The Assessing Office cannot levy a penalty under section 271(1) (c) due to a bonafide mistake on the part of an assessee.
This was subsequently confirmed by the Hon’ble ITAT, Pune in Amruta Organics pvt ltd vs. DCIT being ITA no. 1121 / PN / 2011 by a judgment dated 22.3.2013.
Where the details supplied by the assessee in its return are not observed found to be false, there is no question of imposing penalty under section 271(1) (c) if the failure to furnish details of income is for the reason of a “bonafide mistake” of the assessee.
Only submitting a claim incorrect in law does not amount to giving false particulars of the income of the assessee, but the claim made by the assessee requires being bona fide.
What happens if the mistake is not a bonafide one?
If the claim which is incorrect in law is found to be “mala fide”, penalty under section 271(1) (c) of the Income Tax Act would be attracted and would be a disadvantage for the assessee. In other words, the act would be liable to penalty under section 271(1) (c) of the Act for being malafide with the intention to evade tax.

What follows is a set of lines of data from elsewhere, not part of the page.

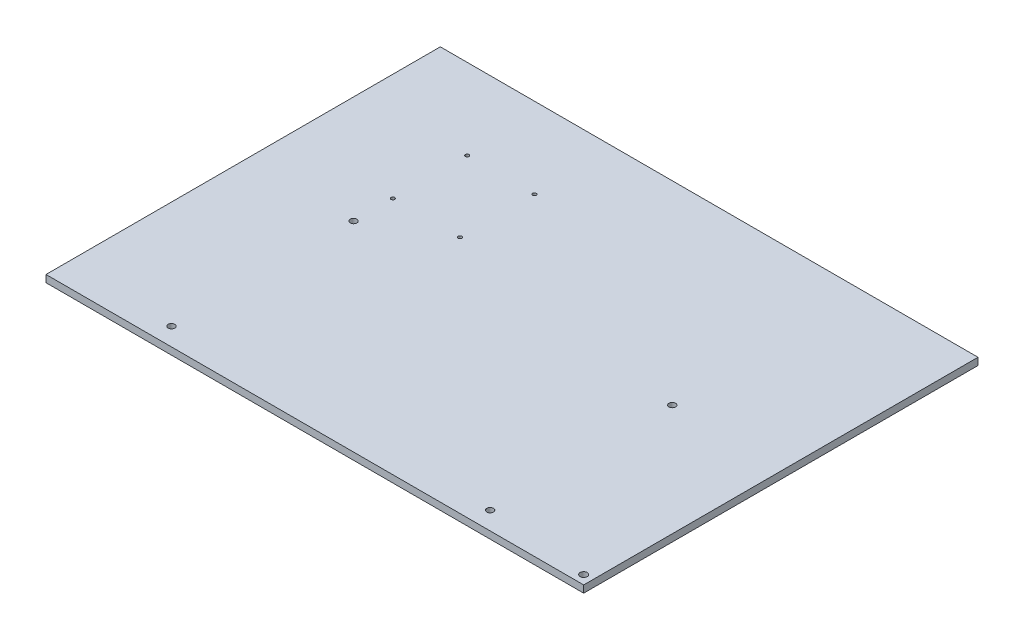
ISO-10303-21;
HEADER;
FILE_DESCRIPTION(('STEP AP214'),'2;1');
FILE_NAME('part.step','',(''),(''),'','','');
FILE_SCHEMA(('AUTOMOTIVE_DESIGN { 1 0 10303 214 1 1 1 1 }'));
ENDSEC;
DATA;
#1=APPLICATION_CONTEXT('core data for automotive mechanical design processes');
#2=APPLICATION_PROTOCOL_DEFINITION('international standard','automotive_design',2000,#1);
#3=PRODUCT_CONTEXT('',#1,'mechanical');
#4=PRODUCT('Part','Part','',(#3));
#5=PRODUCT_RELATED_PRODUCT_CATEGORY('part','',(#4));
#6=PRODUCT_DEFINITION_FORMATION('','',#4);
#7=PRODUCT_DEFINITION_CONTEXT('part definition',#1,'design');
#8=PRODUCT_DEFINITION('design','',#6,#7);
#9=PRODUCT_DEFINITION_SHAPE('','',#8);
#10=(LENGTH_UNIT() NAMED_UNIT(*) SI_UNIT(.MILLI.,.METRE.));
#11=(NAMED_UNIT(*) PLANE_ANGLE_UNIT() SI_UNIT($,.RADIAN.));
#12=(NAMED_UNIT(*) SI_UNIT($,.STERADIAN.) SOLID_ANGLE_UNIT());
#13=UNCERTAINTY_MEASURE_WITH_UNIT(LENGTH_MEASURE(1.E-05),#10,'distance_accuracy_value','');
#14=(GEOMETRIC_REPRESENTATION_CONTEXT(3) GLOBAL_UNCERTAINTY_ASSIGNED_CONTEXT((#13)) GLOBAL_UNIT_ASSIGNED_CONTEXT((#10,
#11,#12)) REPRESENTATION_CONTEXT('',''));
#15=CARTESIAN_POINT('',(0.,0.,0.));
#16=DIRECTION('',(0.,0.,1.));
#17=DIRECTION('',(1.,0.,0.));
#18=AXIS2_PLACEMENT_3D('',#15,#16,#17);
#19=CARTESIAN_POINT('',(-150.,4.,110.));
#20=DIRECTION('',(1.,0.,0.));
#21=DIRECTION('',(0.,0.,-1.));
#22=AXIS2_PLACEMENT_3D('',#19,#20,#21);
#23=PLANE('',#22);
#24=DIRECTION('',(0.,0.,1.));
#25=VECTOR('',#24,1.);
#26=CARTESIAN_POINT('',(-150.,0.,110.));
#27=LINE('',#26,#25);
#28=CARTESIAN_POINT('',(-150.,0.,-110.));
#29=VERTEX_POINT('',#28);
#30=CARTESIAN_POINT('',(-150.,0.,110.));
#31=VERTEX_POINT('',#30);
#32=EDGE_CURVE('E116',#29,#31,#27,.T.);
#33=ORIENTED_EDGE('',*,*,#32,.T.);
#34=DIRECTION('',(0.,-1.,0.));
#35=VECTOR('',#34,1.);
#36=CARTESIAN_POINT('',(-150.,4.,110.));
#37=LINE('',#36,#35);
#38=CARTESIAN_POINT('',(-150.,4.,110.));
#39=VERTEX_POINT('',#38);
#40=EDGE_CURVE('E11',#39,#31,#37,.T.);
#41=ORIENTED_EDGE('',*,*,#40,.F.);
#42=DIRECTION('',(0.,0.,1.));
#43=VECTOR('',#42,1.);
#44=CARTESIAN_POINT('',(-150.,4.,110.));
#45=LINE('',#44,#43);
#46=CARTESIAN_POINT('',(-150.,4.,-110.));
#47=VERTEX_POINT('',#46);
#48=EDGE_CURVE('E99',#47,#39,#45,.T.);
#49=ORIENTED_EDGE('',*,*,#48,.F.);
#50=DIRECTION('',(0.,-1.,0.));
#51=VECTOR('',#50,1.);
#52=CARTESIAN_POINT('',(-150.,4.,-110.));
#53=LINE('',#52,#51);
#54=EDGE_CURVE('E112',#47,#29,#53,.T.);
#55=ORIENTED_EDGE('',*,*,#54,.T.);
#56=EDGE_LOOP('',(#33,#41,#49,#55));
#57=FACE_BOUND('',#56,.T.);
#58=ADVANCED_FACE('F45',(#57),#23,.F.);
#59=CARTESIAN_POINT('',(150.,4.,110.));
#60=DIRECTION('',(0.,0.,-1.));
#61=DIRECTION('',(-1.,0.,0.));
#62=AXIS2_PLACEMENT_3D('',#59,#60,#61);
#63=PLANE('',#62);
#64=DIRECTION('',(1.,0.,0.));
#65=VECTOR('',#64,1.);
#66=CARTESIAN_POINT('',(150.,0.,110.));
#67=LINE('',#66,#65);
#68=CARTESIAN_POINT('',(150.,0.,110.));
#69=VERTEX_POINT('',#68);
#70=EDGE_CURVE('E104',#31,#69,#67,.T.);
#71=ORIENTED_EDGE('',*,*,#70,.T.);
#72=DIRECTION('',(0.,-1.,0.));
#73=VECTOR('',#72,1.);
#74=CARTESIAN_POINT('',(150.,4.,110.));
#75=LINE('',#74,#73);
#76=CARTESIAN_POINT('',(150.,4.,110.));
#77=VERTEX_POINT('',#76);
#78=EDGE_CURVE('E55',#77,#69,#75,.T.);
#79=ORIENTED_EDGE('',*,*,#78,.F.);
#80=DIRECTION('',(1.,0.,0.));
#81=VECTOR('',#80,1.);
#82=CARTESIAN_POINT('',(150.,4.,110.));
#83=LINE('',#82,#81);
#84=EDGE_CURVE('E94',#39,#77,#83,.T.);
#85=ORIENTED_EDGE('',*,*,#84,.F.);
#86=ORIENTED_EDGE('',*,*,#40,.T.);
#87=EDGE_LOOP('',(#71,#79,#85,#86));
#88=FACE_BOUND('',#87,.T.);
#89=ADVANCED_FACE('F103',(#88),#63,.F.);
#90=CARTESIAN_POINT('',(150.,4.,110.));
#91=DIRECTION('',(-1.,0.,0.));
#92=DIRECTION('',(0.,0.,1.));
#93=AXIS2_PLACEMENT_3D('',#90,#91,#92);
#94=PLANE('',#93);
#95=DIRECTION('',(0.,0.,-1.));
#96=VECTOR('',#95,1.);
#97=CARTESIAN_POINT('',(150.,0.,110.));
#98=LINE('',#97,#96);
#99=CARTESIAN_POINT('',(150.,0.,-110.));
#100=VERTEX_POINT('',#99);
#101=EDGE_CURVE('E81',#69,#100,#98,.T.);
#102=ORIENTED_EDGE('',*,*,#101,.T.);
#103=DIRECTION('',(0.,-1.,0.));
#104=VECTOR('',#103,1.);
#105=CARTESIAN_POINT('',(150.,4.,-110.));
#106=LINE('',#105,#104);
#107=CARTESIAN_POINT('',(150.,4.,-110.));
#108=VERTEX_POINT('',#107);
#109=EDGE_CURVE('E106',#108,#100,#106,.T.);
#110=ORIENTED_EDGE('',*,*,#109,.F.);
#111=DIRECTION('',(0.,0.,-1.));
#112=VECTOR('',#111,1.);
#113=CARTESIAN_POINT('',(150.,4.,110.));
#114=LINE('',#113,#112);
#115=EDGE_CURVE('E97',#77,#108,#114,.T.);
#116=ORIENTED_EDGE('',*,*,#115,.F.);
#117=ORIENTED_EDGE('',*,*,#78,.T.);
#118=EDGE_LOOP('',(#102,#110,#116,#117));
#119=FACE_BOUND('',#118,.T.);
#120=ADVANCED_FACE('F108',(#119),#94,.F.);
#121=CARTESIAN_POINT('',(150.,4.,-110.));
#122=DIRECTION('',(0.,0.,1.));
#123=DIRECTION('',(1.,0.,0.));
#124=AXIS2_PLACEMENT_3D('',#121,#122,#123);
#125=PLANE('',#124);
#126=DIRECTION('',(-1.,0.,0.));
#127=VECTOR('',#126,1.);
#128=CARTESIAN_POINT('',(150.,0.,-110.));
#129=LINE('',#128,#127);
#130=EDGE_CURVE('E87',#100,#29,#129,.T.);
#131=ORIENTED_EDGE('',*,*,#130,.T.);
#132=ORIENTED_EDGE('',*,*,#54,.F.);
#133=DIRECTION('',(-1.,0.,0.));
#134=VECTOR('',#133,1.);
#135=CARTESIAN_POINT('',(150.,4.,-110.));
#136=LINE('',#135,#134);
#137=EDGE_CURVE('E64',#108,#47,#136,.T.);
#138=ORIENTED_EDGE('',*,*,#137,.F.);
#139=ORIENTED_EDGE('',*,*,#109,.T.);
#140=EDGE_LOOP('',(#131,#132,#138,#139));
#141=FACE_BOUND('',#140,.T.);
#142=ADVANCED_FACE('F184',(#141),#125,.F.);
#143=CARTESIAN_POINT('',(0.,4.,0.));
#144=DIRECTION('',(0.,1.,0.));
#145=DIRECTION('',(0.,0.,1.));
#146=AXIS2_PLACEMENT_3D('',#143,#144,#145);
#147=PLANE('',#146);
#148=CARTESIAN_POINT('',(145.,4.,105.));
#149=DIRECTION('',(0.,1.,0.));
#150=DIRECTION('',(0.,0.,1.));
#151=AXIS2_PLACEMENT_3D('',#148,#149,#150);
#152=CIRCLE('',#151,2.);
#153=CARTESIAN_POINT('',(145.,4.,107.));
#154=VERTEX_POINT('',#153);
#155=EDGE_CURVE('E278',#154,#154,#152,.T.);
#156=ORIENTED_EDGE('',*,*,#155,.F.);
#157=EDGE_LOOP('',(#156));
#158=FACE_BOUND('',#157,.T.);
#159=CARTESIAN_POINT('',(-89.9999999999999,4.,-23.5));
#160=DIRECTION('',(0.,1.,0.));
#161=DIRECTION('',(0.,0.,1.));
#162=AXIS2_PLACEMENT_3D('',#159,#160,#161);
#163=CIRCLE('',#162,0.999999999999998);
#164=CARTESIAN_POINT('',(-89.9999999999999,4.,-22.5));
#165=VERTEX_POINT('',#164);
#166=EDGE_CURVE('E312',#165,#165,#163,.T.);
#167=ORIENTED_EDGE('',*,*,#166,.F.);
#168=EDGE_LOOP('',(#167));
#169=FACE_BOUND('',#168,.T.);
#170=CARTESIAN_POINT('',(-52.5,4.,-23.5));
#171=DIRECTION('',(0.,1.,0.));
#172=DIRECTION('',(0.,0.,1.));
#173=AXIS2_PLACEMENT_3D('',#170,#171,#172);
#174=CIRCLE('',#173,0.999999999999998);
#175=CARTESIAN_POINT('',(-52.5,4.,-22.5));
#176=VERTEX_POINT('',#175);
#177=EDGE_CURVE('E308',#176,#176,#174,.T.);
#178=ORIENTED_EDGE('',*,*,#177,.F.);
#179=EDGE_LOOP('',(#178));
#180=FACE_BOUND('',#179,.T.);
#181=CARTESIAN_POINT('',(-52.5,4.,-65.));
#182=DIRECTION('',(0.,1.,0.));
#183=DIRECTION('',(0.,0.,1.));
#184=AXIS2_PLACEMENT_3D('',#181,#182,#183);
#185=CIRCLE('',#184,0.999999999999998);
#186=CARTESIAN_POINT('',(-52.5,4.,-64.));
#187=VERTEX_POINT('',#186);
#188=EDGE_CURVE('E304',#187,#187,#185,.T.);
#189=ORIENTED_EDGE('',*,*,#188,.F.);
#190=EDGE_LOOP('',(#189));
#191=FACE_BOUND('',#190,.T.);
#192=CARTESIAN_POINT('',(-90.,4.,-65.));
#193=DIRECTION('',(0.,1.,0.));
#194=DIRECTION('',(0.,0.,1.));
#195=AXIS2_PLACEMENT_3D('',#192,#193,#194);
#196=CIRCLE('',#195,1.00000000000001);
#197=CARTESIAN_POINT('',(-90.,4.,-64.));
#198=VERTEX_POINT('',#197);
#199=EDGE_CURVE('E300',#198,#198,#196,.T.);
#200=ORIENTED_EDGE('',*,*,#199,.F.);
#201=EDGE_LOOP('',(#200));
#202=FACE_BOUND('',#201,.T.);
#203=CARTESIAN_POINT('',(-89.9999999999999,4.,-1.59999999999996));
#204=DIRECTION('',(0.,1.,0.));
#205=DIRECTION('',(0.,0.,-1.));
#206=AXIS2_PLACEMENT_3D('',#203,#204,#205);
#207=CIRCLE('',#206,1.85);
#208=CARTESIAN_POINT('',(-89.9999999999999,4.,0.250000000000042));
#209=VERTEX_POINT('',#208);
#210=EDGE_CURVE('E316',#209,#209,#207,.T.);
#211=ORIENTED_EDGE('',*,*,#210,.F.);
#212=EDGE_LOOP('',(#211));
#213=FACE_BOUND('',#212,.T.);
#214=CARTESIAN_POINT('',(87.8,4.,-1.59999999999996));
#215=DIRECTION('',(0.,1.,0.));
#216=DIRECTION('',(0.,0.,-1.));
#217=AXIS2_PLACEMENT_3D('',#214,#215,#216);
#218=CIRCLE('',#217,1.85);
#219=CARTESIAN_POINT('',(87.8,4.,0.250000000000042));
#220=VERTEX_POINT('',#219);
#221=EDGE_CURVE('E321',#220,#220,#218,.T.);
#222=ORIENTED_EDGE('',*,*,#221,.F.);
#223=EDGE_LOOP('',(#222));
#224=FACE_BOUND('',#223,.T.);
#225=CARTESIAN_POINT('',(87.8000000000001,4.,100.));
#226=DIRECTION('',(0.,1.,0.));
#227=DIRECTION('',(0.,0.,1.));
#228=AXIS2_PLACEMENT_3D('',#225,#226,#227);
#229=CIRCLE('',#228,1.85000000000001);
#230=CARTESIAN_POINT('',(87.8000000000001,4.,101.85));
#231=VERTEX_POINT('',#230);
#232=EDGE_CURVE('E317',#231,#231,#229,.T.);
#233=ORIENTED_EDGE('',*,*,#232,.F.);
#234=EDGE_LOOP('',(#233));
#235=FACE_BOUND('',#234,.T.);
#236=CARTESIAN_POINT('',(-89.9999999999999,4.,100.));
#237=DIRECTION('',(0.,1.,0.));
#238=DIRECTION('',(0.,0.,1.));
#239=AXIS2_PLACEMENT_3D('',#236,#237,#238);
#240=CIRCLE('',#239,1.85000000000001);
#241=CARTESIAN_POINT('',(-89.9999999999999,4.,101.85));
#242=VERTEX_POINT('',#241);
#243=EDGE_CURVE('E135',#242,#242,#240,.T.);
#244=ORIENTED_EDGE('',*,*,#243,.F.);
#245=EDGE_LOOP('',(#244));
#246=FACE_BOUND('',#245,.T.);
#247=ORIENTED_EDGE('',*,*,#48,.T.);
#248=ORIENTED_EDGE('',*,*,#84,.T.);
#249=ORIENTED_EDGE('',*,*,#115,.T.);
#250=ORIENTED_EDGE('',*,*,#137,.T.);
#251=EDGE_LOOP('',(#247,#248,#249,#250));
#252=FACE_BOUND('',#251,.T.);
#253=ADVANCED_FACE('F95',(#158,#169,#180,#191,#202,#213,#224,#235,#246,#252),#147,.T.);
#254=CARTESIAN_POINT('',(0.,0.,0.));
#255=DIRECTION('',(0.,1.,0.));
#256=DIRECTION('',(0.,0.,1.));
#257=AXIS2_PLACEMENT_3D('',#254,#255,#256);
#258=PLANE('',#257);
#259=CARTESIAN_POINT('',(145.,0.,105.));
#260=DIRECTION('',(0.,1.,0.));
#261=DIRECTION('',(0.,0.,1.));
#262=AXIS2_PLACEMENT_3D('',#259,#260,#261);
#263=CIRCLE('',#262,2.);
#264=CARTESIAN_POINT('',(145.,0.,107.));
#265=VERTEX_POINT('',#264);
#266=EDGE_CURVE('E275',#265,#265,#263,.T.);
#267=ORIENTED_EDGE('',*,*,#266,.T.);
#268=EDGE_LOOP('',(#267));
#269=FACE_BOUND('',#268,.T.);
#270=CARTESIAN_POINT('',(-89.9999999999999,0.,-23.5));
#271=DIRECTION('',(0.,1.,0.));
#272=DIRECTION('',(0.,0.,-1.));
#273=AXIS2_PLACEMENT_3D('',#270,#271,#272);
#274=CIRCLE('',#273,0.999999999999998);
#275=CARTESIAN_POINT('',(-89.9999999999999,0.,-24.5));
#276=VERTEX_POINT('',#275);
#277=EDGE_CURVE('E282',#276,#276,#274,.T.);
#278=ORIENTED_EDGE('',*,*,#277,.T.);
#279=EDGE_LOOP('',(#278));
#280=FACE_BOUND('',#279,.T.);
#281=CARTESIAN_POINT('',(-52.5,0.,-23.5));
#282=DIRECTION('',(0.,1.,0.));
#283=DIRECTION('',(0.,0.,1.));
#284=AXIS2_PLACEMENT_3D('',#281,#282,#283);
#285=CIRCLE('',#284,0.999999999999998);
#286=CARTESIAN_POINT('',(-52.5,0.,-22.5));
#287=VERTEX_POINT('',#286);
#288=EDGE_CURVE('E290',#287,#287,#285,.T.);
#289=ORIENTED_EDGE('',*,*,#288,.T.);
#290=EDGE_LOOP('',(#289));
#291=FACE_BOUND('',#290,.T.);
#292=CARTESIAN_POINT('',(-52.5,0.,-65.));
#293=DIRECTION('',(0.,1.,0.));
#294=DIRECTION('',(0.,0.,-1.));
#295=AXIS2_PLACEMENT_3D('',#292,#293,#294);
#296=CIRCLE('',#295,0.999999999999998);
#297=CARTESIAN_POINT('',(-52.5,0.,-66.));
#298=VERTEX_POINT('',#297);
#299=EDGE_CURVE('E285',#298,#298,#296,.T.);
#300=ORIENTED_EDGE('',*,*,#299,.T.);
#301=EDGE_LOOP('',(#300));
#302=FACE_BOUND('',#301,.T.);
#303=CARTESIAN_POINT('',(-90.,0.,-65.));
#304=DIRECTION('',(0.,1.,0.));
#305=DIRECTION('',(0.,0.,1.));
#306=AXIS2_PLACEMENT_3D('',#303,#304,#305);
#307=CIRCLE('',#306,1.00000000000001);
#308=CARTESIAN_POINT('',(-90.,0.,-64.));
#309=VERTEX_POINT('',#308);
#310=EDGE_CURVE('E289',#309,#309,#307,.T.);
#311=ORIENTED_EDGE('',*,*,#310,.T.);
#312=EDGE_LOOP('',(#311));
#313=FACE_BOUND('',#312,.T.);
#314=CARTESIAN_POINT('',(-89.9999999999999,0.,-1.59999999999996));
#315=DIRECTION('',(0.,1.,0.));
#316=DIRECTION('',(0.,0.,1.));
#317=AXIS2_PLACEMENT_3D('',#314,#315,#316);
#318=CIRCLE('',#317,1.85);
#319=CARTESIAN_POINT('',(-89.9999999999999,0.,0.250000000000042));
#320=VERTEX_POINT('',#319);
#321=EDGE_CURVE('E48',#320,#320,#318,.T.);
#322=ORIENTED_EDGE('',*,*,#321,.T.);
#323=EDGE_LOOP('',(#322));
#324=FACE_BOUND('',#323,.T.);
#325=CARTESIAN_POINT('',(87.8,0.,-1.59999999999996));
#326=DIRECTION('',(0.,1.,0.));
#327=DIRECTION('',(0.,0.,1.));
#328=AXIS2_PLACEMENT_3D('',#325,#326,#327);
#329=CIRCLE('',#328,1.85);
#330=CARTESIAN_POINT('',(87.8,0.,0.250000000000042));
#331=VERTEX_POINT('',#330);
#332=EDGE_CURVE('E138',#331,#331,#329,.T.);
#333=ORIENTED_EDGE('',*,*,#332,.T.);
#334=EDGE_LOOP('',(#333));
#335=FACE_BOUND('',#334,.T.);
#336=CARTESIAN_POINT('',(87.8000000000001,0.,100.));
#337=DIRECTION('',(0.,1.,0.));
#338=DIRECTION('',(0.,0.,1.));
#339=AXIS2_PLACEMENT_3D('',#336,#337,#338);
#340=CIRCLE('',#339,1.85000000000001);
#341=CARTESIAN_POINT('',(87.8000000000001,0.,101.85));
#342=VERTEX_POINT('',#341);
#343=EDGE_CURVE('E134',#342,#342,#340,.T.);
#344=ORIENTED_EDGE('',*,*,#343,.T.);
#345=EDGE_LOOP('',(#344));
#346=FACE_BOUND('',#345,.T.);
#347=CARTESIAN_POINT('',(-89.9999999999999,0.,100.));
#348=DIRECTION('',(0.,1.,0.));
#349=DIRECTION('',(0.,0.,1.));
#350=AXIS2_PLACEMENT_3D('',#347,#348,#349);
#351=CIRCLE('',#350,1.85000000000001);
#352=CARTESIAN_POINT('',(-89.9999999999999,0.,101.85));
#353=VERTEX_POINT('',#352);
#354=EDGE_CURVE('E130',#353,#353,#351,.T.);
#355=ORIENTED_EDGE('',*,*,#354,.T.);
#356=EDGE_LOOP('',(#355));
#357=FACE_BOUND('',#356,.T.);
#358=ORIENTED_EDGE('',*,*,#32,.F.);
#359=ORIENTED_EDGE('',*,*,#130,.F.);
#360=ORIENTED_EDGE('',*,*,#101,.F.);
#361=ORIENTED_EDGE('',*,*,#70,.F.);
#362=EDGE_LOOP('',(#358,#359,#360,#361));
#363=FACE_BOUND('',#362,.T.);
#364=ADVANCED_FACE('F147',(#269,#280,#291,#302,#313,#324,#335,#346,#357,#363),#258,.F.);
#365=CARTESIAN_POINT('',(-89.9999999999999,-1.2E-05,100.));
#366=DIRECTION('',(0.,1.,0.));
#367=DIRECTION('',(0.,0.,1.));
#368=AXIS2_PLACEMENT_3D('',#365,#366,#367);
#369=CYLINDRICAL_SURFACE('',#368,1.85000000000001);
#370=CARTESIAN_POINT('',(-89.9999999999999,4.,101.85));
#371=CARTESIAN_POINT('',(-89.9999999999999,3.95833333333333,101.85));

Consequences of a bonafide mistake:
If such a case where concealment is due to a “bonafide mistake” is picked up for scrutiny, the assessee can get away only by paying the tax which was payable by him under normal circumstances.
The case:
In the aforesaid case there was no concealment of any fact or any false details of income was not furnished by the assessee.
The mistakes had occurred on account of incorrect advice given by the Chartered Accountant of the assessee and it was a case of a “bonafide mistake” by the assessee. The Hon’ble ITAT held that “the bonafide act” of the assessee is established from the fact that the assessee accepted the mistake and did not actively conceal anything from the department.
The revenue did not dispute that it was a “bonafide mistake” by the assessee. Thus the imposition of penalty upon the assessee is not justified in law.
The assessee argued that there was no concealing of income of the assessee or of furnishing any false particulars. But the assessee failed to notice the error.
The Hon’ble ITAT was of the opinion that the decisions of Hon’ble Supreme Court in the cases of Reliance Petro products Pvt. Ltd. and Price Water House Coopers Pvt. Ltd. would be applicable. In view of the above, the orders of the CIT were set aside and the penalty levied under Section 271(1) (c) of the Act was cancelled. As a result, the appeal of the assessee was allowed.